Hi Chiara, thanks so much for taking the time to share such wonderful recommendations! My mistake, The Magic Mountain is set in Switzerland indeed! Thanks for pointing this out, I’ve added a note to the list above for readers to take note. Apart from being set close to the border, its only other connection is an Italian character, Lodovico Settembrini. Really appreciate your insights on what Italians are reading at the moment, love the sound of all these authors works – thanks for sharing them with us! 🙂
A Soldier Of The Great War is one of the most memorable books I’ve ever read. The writing and the emotions expressed are exquisite.
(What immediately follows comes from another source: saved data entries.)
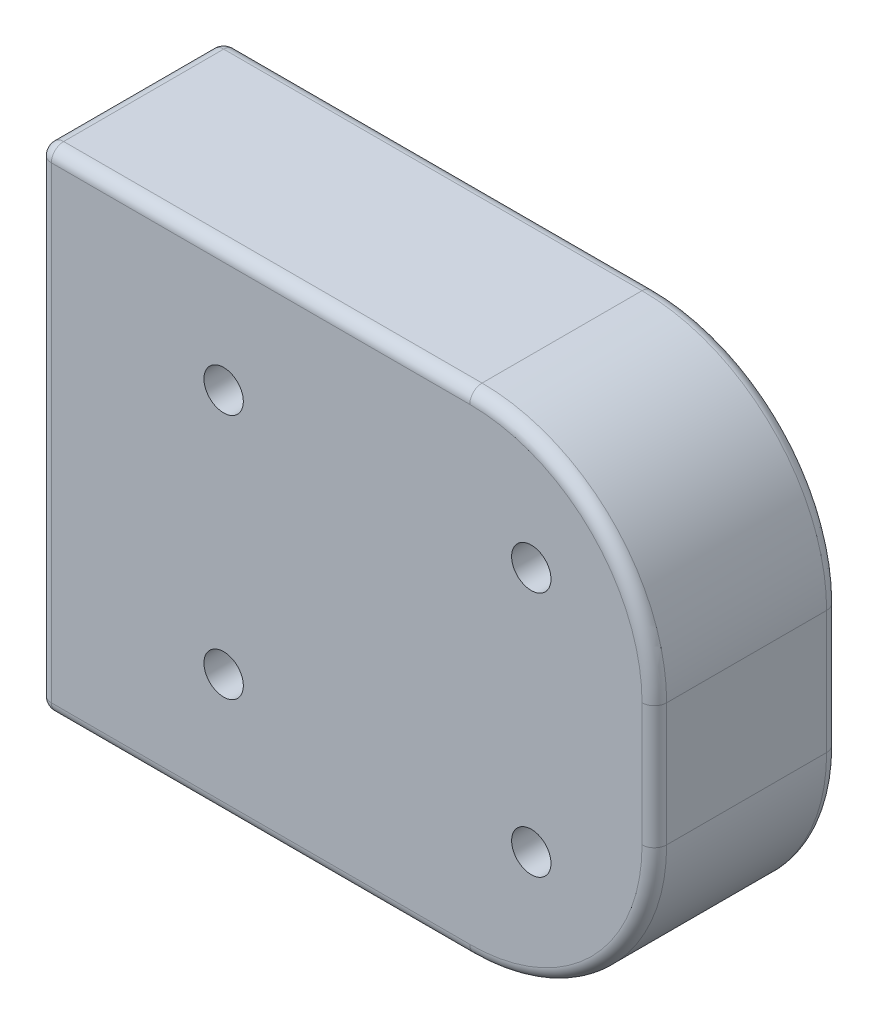
ISO-10303-21;
HEADER;
FILE_DESCRIPTION(('STEP AP214'),'2;1');
FILE_NAME('part.step','',(''),(''),'','','');
FILE_SCHEMA(('AUTOMOTIVE_DESIGN { 1 0 10303 214 1 1 1 1 }'));
ENDSEC;
DATA;
#1=APPLICATION_CONTEXT('core data for automotive mechanical design processes');
#2=APPLICATION_PROTOCOL_DEFINITION('international standard','automotive_design',2000,#1);
#3=PRODUCT_CONTEXT('',#1,'mechanical');
#4=PRODUCT('Part','Part','',(#3));
#5=PRODUCT_RELATED_PRODUCT_CATEGORY('part','',(#4));
#6=PRODUCT_DEFINITION_FORMATION('','',#4);
#7=PRODUCT_DEFINITION_CONTEXT('part definition',#1,'design');
#8=PRODUCT_DEFINITION('design','',#6,#7);
#9=PRODUCT_DEFINITION_SHAPE('','',#8);
#10=(LENGTH_UNIT() NAMED_UNIT(*) SI_UNIT(.MILLI.,.METRE.));
#11=(NAMED_UNIT(*) PLANE_ANGLE_UNIT() SI_UNIT($,.RADIAN.));
#12=(NAMED_UNIT(*) SI_UNIT($,.STERADIAN.) SOLID_ANGLE_UNIT());
#13=UNCERTAINTY_MEASURE_WITH_UNIT(LENGTH_MEASURE(1.E-05),#10,'distance_accuracy_value','');
#14=(GEOMETRIC_REPRESENTATION_CONTEXT(3) GLOBAL_UNCERTAINTY_ASSIGNED_CONTEXT((#13)) GLOBAL_UNIT_ASSIGNED_CONTEXT((#10,
#11,#12)) REPRESENTATION_CONTEXT('',''));
#15=CARTESIAN_POINT('',(0.,0.,0.));
#16=DIRECTION('',(0.,0.,1.));
#17=DIRECTION('',(1.,0.,0.));
#18=AXIS2_PLACEMENT_3D('',#15,#16,#17);
#19=CARTESIAN_POINT('',(25.,-20.,15.));
#20=DIRECTION('',(-1.,0.,0.));
#21=DIRECTION('',(0.,0.,1.));
#22=AXIS2_PLACEMENT_3D('',#19,#20,#21);
#23=PLANE('',#22);
#24=DIRECTION('',(0.,0.,-1.));
#25=VECTOR('',#24,1.);
#26=CARTESIAN_POINT('',(25.,-5.,15.));
#27=LINE('',#26,#25);
#28=CARTESIAN_POINT('',(25.,-5.,14.));
#29=VERTEX_POINT('',#28);
#30=CARTESIAN_POINT('',(25.,-5.,1.));
#31=VERTEX_POINT('',#30);
#32=EDGE_CURVE('E291',#29,#31,#27,.T.);
#33=ORIENTED_EDGE('',*,*,#32,.T.);
#34=DIRECTION('',(0.,1.,0.));
#35=VECTOR('',#34,1.);
#36=CARTESIAN_POINT('',(25.,5.,1.));
#37=LINE('',#36,#35);
#38=CARTESIAN_POINT('',(25.,5.,1.));
#39=VERTEX_POINT('',#38);
#40=EDGE_CURVE('E197',#31,#39,#37,.T.);
#41=ORIENTED_EDGE('',*,*,#40,.T.);
#42=DIRECTION('',(0.,0.,-1.));
#43=VECTOR('',#42,1.);
#44=CARTESIAN_POINT('',(25.,5.,15.));
#45=LINE('',#44,#43);
#46=CARTESIAN_POINT('',(25.,5.,14.));
#47=VERTEX_POINT('',#46);
#48=EDGE_CURVE('E294',#39,#47,#45,.F.);
#49=ORIENTED_EDGE('',*,*,#48,.T.);
#50=DIRECTION('',(0.,1.,0.));
#51=VECTOR('',#50,1.);
#52=CARTESIAN_POINT('',(25.,-20.,14.));
#53=LINE('',#52,#51);
#54=EDGE_CURVE('E195',#47,#29,#53,.F.);
#55=ORIENTED_EDGE('',*,*,#54,.T.);
#56=EDGE_LOOP('',(#33,#41,#49,#55));
#57=FACE_BOUND('',#56,.T.);
#58=ADVANCED_FACE('F38',(#57),#23,.F.);
#59=CARTESIAN_POINT('',(-25.,20.,15.));
#60=DIRECTION('',(0.,-1.,0.));
#61=DIRECTION('',(0.,0.,-1.));
#62=AXIS2_PLACEMENT_3D('',#59,#60,#61);
#63=PLANE('',#62);
#64=DIRECTION('',(0.,0.,-1.));
#65=VECTOR('',#64,1.);
#66=CARTESIAN_POINT('',(10.,20.,15.));
#67=LINE('',#66,#65);
#68=CARTESIAN_POINT('',(10.,20.,14.));
#69=VERTEX_POINT('',#68);
#70=CARTESIAN_POINT('',(10.,20.,1.));
#71=VERTEX_POINT('',#70);
#72=EDGE_CURVE('E285',#69,#71,#67,.T.);
#73=ORIENTED_EDGE('',*,*,#72,.T.);
#74=DIRECTION('',(-1.,0.,0.));
#75=VECTOR('',#74,1.);
#76=CARTESIAN_POINT('',(-24.,20.,1.));
#77=LINE('',#76,#75);
#78=CARTESIAN_POINT('',(-24.,20.,1.));
#79=VERTEX_POINT('',#78);
#80=EDGE_CURVE('E11',#71,#79,#77,.T.);
#81=ORIENTED_EDGE('',*,*,#80,.T.);
#82=DIRECTION('',(0.,0.,-1.));
#83=VECTOR('',#82,1.);
#84=CARTESIAN_POINT('',(-24.,20.,15.));
#85=LINE('',#84,#83);
#86=CARTESIAN_POINT('',(-24.,20.,14.));
#87=VERTEX_POINT('',#86);
#88=EDGE_CURVE('E175',#79,#87,#85,.F.);
#89=ORIENTED_EDGE('',*,*,#88,.T.);
#90=DIRECTION('',(-1.,0.,0.));
#91=VECTOR('',#90,1.);
#92=CARTESIAN_POINT('',(-25.,20.,14.));
#93=LINE('',#92,#91);
#94=EDGE_CURVE('E47',#87,#69,#93,.F.);
#95=ORIENTED_EDGE('',*,*,#94,.T.);
#96=EDGE_LOOP('',(#73,#81,#89,#95));
#97=FACE_BOUND('',#96,.T.);
#98=ADVANCED_FACE('F348',(#97),#63,.F.);
#99=CARTESIAN_POINT('',(-25.,-20.,15.));
#100=DIRECTION('',(1.,0.,0.));
#101=DIRECTION('',(0.,0.,-1.));
#102=AXIS2_PLACEMENT_3D('',#99,#100,#101);
#103=PLANE('',#102);
#104=DIRECTION('',(0.,0.,-1.));
#105=VECTOR('',#104,1.);
#106=CARTESIAN_POINT('',(-25.,19.,15.));
#107=LINE('',#106,#105);
#108=CARTESIAN_POINT('',(-25.,19.,14.));
#109=VERTEX_POINT('',#108);
#110=CARTESIAN_POINT('',(-25.,19.,1.));
#111=VERTEX_POINT('',#110);
#112=EDGE_CURVE('E281',#109,#111,#107,.T.);
#113=ORIENTED_EDGE('',*,*,#112,.T.);
#114=DIRECTION('',(0.,-1.,0.));
#115=VECTOR('',#114,1.);
#116=CARTESIAN_POINT('',(-25.,-19.,1.));
#117=LINE('',#116,#115);
#118=CARTESIAN_POINT('',(-25.,-19.,1.));
#119=VERTEX_POINT('',#118);
#120=EDGE_CURVE('E158',#111,#119,#117,.T.);
#121=ORIENTED_EDGE('',*,*,#120,.T.);
#122=DIRECTION('',(0.,0.,-1.));
#123=VECTOR('',#122,1.);
#124=CARTESIAN_POINT('',(-25.,-19.,15.));
#125=LINE('',#124,#123);
#126=CARTESIAN_POINT('',(-25.,-19.,14.));
#127=VERTEX_POINT('',#126);
#128=EDGE_CURVE('E178',#119,#127,#125,.F.);
#129=ORIENTED_EDGE('',*,*,#128,.T.);
#130=DIRECTION('',(0.,-1.,0.));
#131=VECTOR('',#130,1.);
#132=CARTESIAN_POINT('',(-25.,-20.,14.));
#133=LINE('',#132,#131);
#134=EDGE_CURVE('E211',#127,#109,#133,.F.);
#135=ORIENTED_EDGE('',*,*,#134,.T.);
#136=EDGE_LOOP('',(#113,#121,#129,#135));
#137=FACE_BOUND('',#136,.T.);
#138=ADVANCED_FACE('F279',(#137),#103,.F.);
#139=CARTESIAN_POINT('',(-25.,-20.,15.));
#140=DIRECTION('',(0.,1.,0.));
#141=DIRECTION('',(0.,0.,1.));
#142=AXIS2_PLACEMENT_3D('',#139,#140,#141);
#143=PLANE('',#142);
#144=DIRECTION('',(0.,0.,-1.));
#145=VECTOR('',#144,1.);
#146=CARTESIAN_POINT('',(-24.,-20.,15.));
#147=LINE('',#146,#145);
#148=CARTESIAN_POINT('',(-24.,-20.,14.));
#149=VERTEX_POINT('',#148);
#150=CARTESIAN_POINT('',(-24.,-20.,1.));
#151=VERTEX_POINT('',#150);
#152=EDGE_CURVE('E276',#149,#151,#147,.T.);
#153=ORIENTED_EDGE('',*,*,#152,.T.);
#154=DIRECTION('',(1.,0.,0.));
#155=VECTOR('',#154,1.);
#156=CARTESIAN_POINT('',(10.,-20.,1.));
#157=LINE('',#156,#155);
#158=CARTESIAN_POINT('',(10.,-20.,1.));
#159=VERTEX_POINT('',#158);
#160=EDGE_CURVE('E205',#151,#159,#157,.T.);
#161=ORIENTED_EDGE('',*,*,#160,.T.);
#162=DIRECTION('',(0.,0.,-1.));
#163=VECTOR('',#162,1.);
#164=CARTESIAN_POINT('',(10.,-20.,15.));
#165=LINE('',#164,#163);
#166=CARTESIAN_POINT('',(10.,-20.,14.));
#167=VERTEX_POINT('',#166);
#168=EDGE_CURVE('E288',#159,#167,#165,.F.);
#169=ORIENTED_EDGE('',*,*,#168,.T.);
#170=DIRECTION('',(1.,0.,0.));
#171=VECTOR('',#170,1.);
#172=CARTESIAN_POINT('',(-25.,-20.,14.));
#173=LINE('',#172,#171);
#174=EDGE_CURVE('E203',#167,#149,#173,.F.);
#175=ORIENTED_EDGE('',*,*,#174,.T.);
#176=EDGE_LOOP('',(#153,#161,#169,#175));
#177=FACE_BOUND('',#176,.T.);
#178=ADVANCED_FACE('F334',(#177),#143,.F.);
#179=CARTESIAN_POINT('',(0.,0.,15.));
#180=DIRECTION('',(0.,0.,-1.));
#181=DIRECTION('',(-1.,0.,0.));
#182=AXIS2_PLACEMENT_3D('',#179,#180,#181);
#183=PLANE('',#182);
#184=DIRECTION('',(0.,1.,0.));
#185=VECTOR('',#184,1.);
#186=CARTESIAN_POINT('',(24.,0.,15.));
#187=LINE('',#186,#185);
#188=CARTESIAN_POINT('',(24.,-5.,15.));
#189=VERTEX_POINT('',#188);
#190=CARTESIAN_POINT('',(24.,5.,15.));
#191=VERTEX_POINT('',#190);
#192=EDGE_CURVE('E55',#189,#191,#187,.T.);
#193=ORIENTED_EDGE('',*,*,#192,.T.);
#194=CARTESIAN_POINT('',(10.,5.,15.));
#195=DIRECTION('',(0.,0.,-1.));
#196=DIRECTION('',(-1.,0.,0.));
#197=AXIS2_PLACEMENT_3D('',#194,#195,#196);
#198=CIRCLE('',#197,14.);
#199=CARTESIAN_POINT('',(10.,19.,15.));
#200=VERTEX_POINT('',#199);
#201=EDGE_CURVE('E225',#191,#200,#198,.F.);
#202=ORIENTED_EDGE('',*,*,#201,.T.);
#203=DIRECTION('',(-1.,0.,0.));
#204=VECTOR('',#203,1.);
#205=CARTESIAN_POINT('',(0.,19.,15.));
#206=LINE('',#205,#204);
#207=CARTESIAN_POINT('',(-24.,19.,15.));
#208=VERTEX_POINT('',#207);
#209=EDGE_CURVE('E217',#200,#208,#206,.T.);
#210=ORIENTED_EDGE('',*,*,#209,.T.);
#211=DIRECTION('',(0.,-1.,0.));
#212=VECTOR('',#211,1.);
#213=CARTESIAN_POINT('',(-24.,0.,15.));
#214=LINE('',#213,#212);
#215=CARTESIAN_POINT('',(-24.,-19.,15.));
#216=VERTEX_POINT('',#215);
#217=EDGE_CURVE('E219',#208,#216,#214,.T.);
#218=ORIENTED_EDGE('',*,*,#217,.T.);
#219=DIRECTION('',(1.,0.,0.));
#220=VECTOR('',#219,1.);
#221=CARTESIAN_POINT('',(0.,-19.,15.));
#222=LINE('',#221,#220);
#223=CARTESIAN_POINT('',(10.,-19.,15.));
#224=VERTEX_POINT('',#223);
#225=EDGE_CURVE('E221',#216,#224,#222,.T.);
#226=ORIENTED_EDGE('',*,*,#225,.T.);
#227=CARTESIAN_POINT('',(10.,-5.,15.));
#228=DIRECTION('',(0.,0.,-1.));
#229=DIRECTION('',(-1.,0.,0.));
#230=AXIS2_PLACEMENT_3D('',#227,#228,#229);
#231=CIRCLE('',#230,14.);
#232=EDGE_CURVE('E60',#224,#189,#231,.F.);
#233=ORIENTED_EDGE('',*,*,#232,.T.);
#234=EDGE_LOOP('',(#193,#202,#210,#218,#226,#233));
#235=FACE_BOUND('',#234,.T.);
#236=CARTESIAN_POINT('',(-10.,-10.,15.));
#237=DIRECTION('',(0.,0.,1.));
#238=DIRECTION('',(-1.,0.,0.));
#239=AXIS2_PLACEMENT_3D('',#236,#237,#238);
#240=CIRCLE('',#239,1.59999999999998);
#241=CARTESIAN_POINT('',(-11.6,-10.,15.));
#242=VERTEX_POINT('',#241);
#243=EDGE_CURVE('E238',#242,#242,#240,.T.);
#244=ORIENTED_EDGE('',*,*,#243,.F.);
#245=EDGE_LOOP('',(#244));
#246=FACE_BOUND('',#245,.T.);
#247=CARTESIAN_POINT('',(15.,-10.,15.));
#248=DIRECTION('',(0.,0.,1.));
#249=DIRECTION('',(1.,0.,0.));
#250=AXIS2_PLACEMENT_3D('',#247,#248,#249);
#251=CIRCLE('',#250,1.60000000000001);
#252=CARTESIAN_POINT('',(16.6,-10.,15.));
#253=VERTEX_POINT('',#252);
#254=EDGE_CURVE('E309',#253,#253,#251,.T.);
#255=ORIENTED_EDGE('',*,*,#254,.F.);
#256=EDGE_LOOP('',(#255));
#257=FACE_BOUND('',#256,.T.);
#258=CARTESIAN_POINT('',(15.,10.,15.));
#259=DIRECTION('',(0.,0.,1.));
#260=DIRECTION('',(-1.,0.,0.));
#261=AXIS2_PLACEMENT_3D('',#258,#259,#260);
#262=CIRCLE('',#261,1.6);
#263=CARTESIAN_POINT('',(13.4,10.,15.));
#264=VERTEX_POINT('',#263);
#265=EDGE_CURVE('E315',#264,#264,#262,.T.);
#266=ORIENTED_EDGE('',*,*,#265,.F.);
#267=EDGE_LOOP('',(#266));
#268=FACE_BOUND('',#267,.T.);
#269=CARTESIAN_POINT('',(-10.,10.,15.));
#270=DIRECTION('',(0.,0.,1.));
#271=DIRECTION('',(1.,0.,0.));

Hi Lucie! Thanks so much for the wonderful recommendation 🙂
Being a mystery lover I would add the Commissario Guido Brunetti mysteries by Donna Leon. They are set in and around Venice where she lived for thirty years. Also the Inspector Montalbano series by Andrea Camilleri set in Sicily where he was from. The series is complete because sadly the author passed away in 2018.
Thank you so much for your amazing recommendations Hildred! Absolutely love discovering series just like these, they sound fantastic and looking at the reviews – are most certainly well-loved! 🙂
Hello Ash,
I am so happy to find your lists. Please consider adding to your Italian List the Tuscan Series by Paul Salsini. I read the first in the series, The Cielo, and really enjoyed it. Thank you.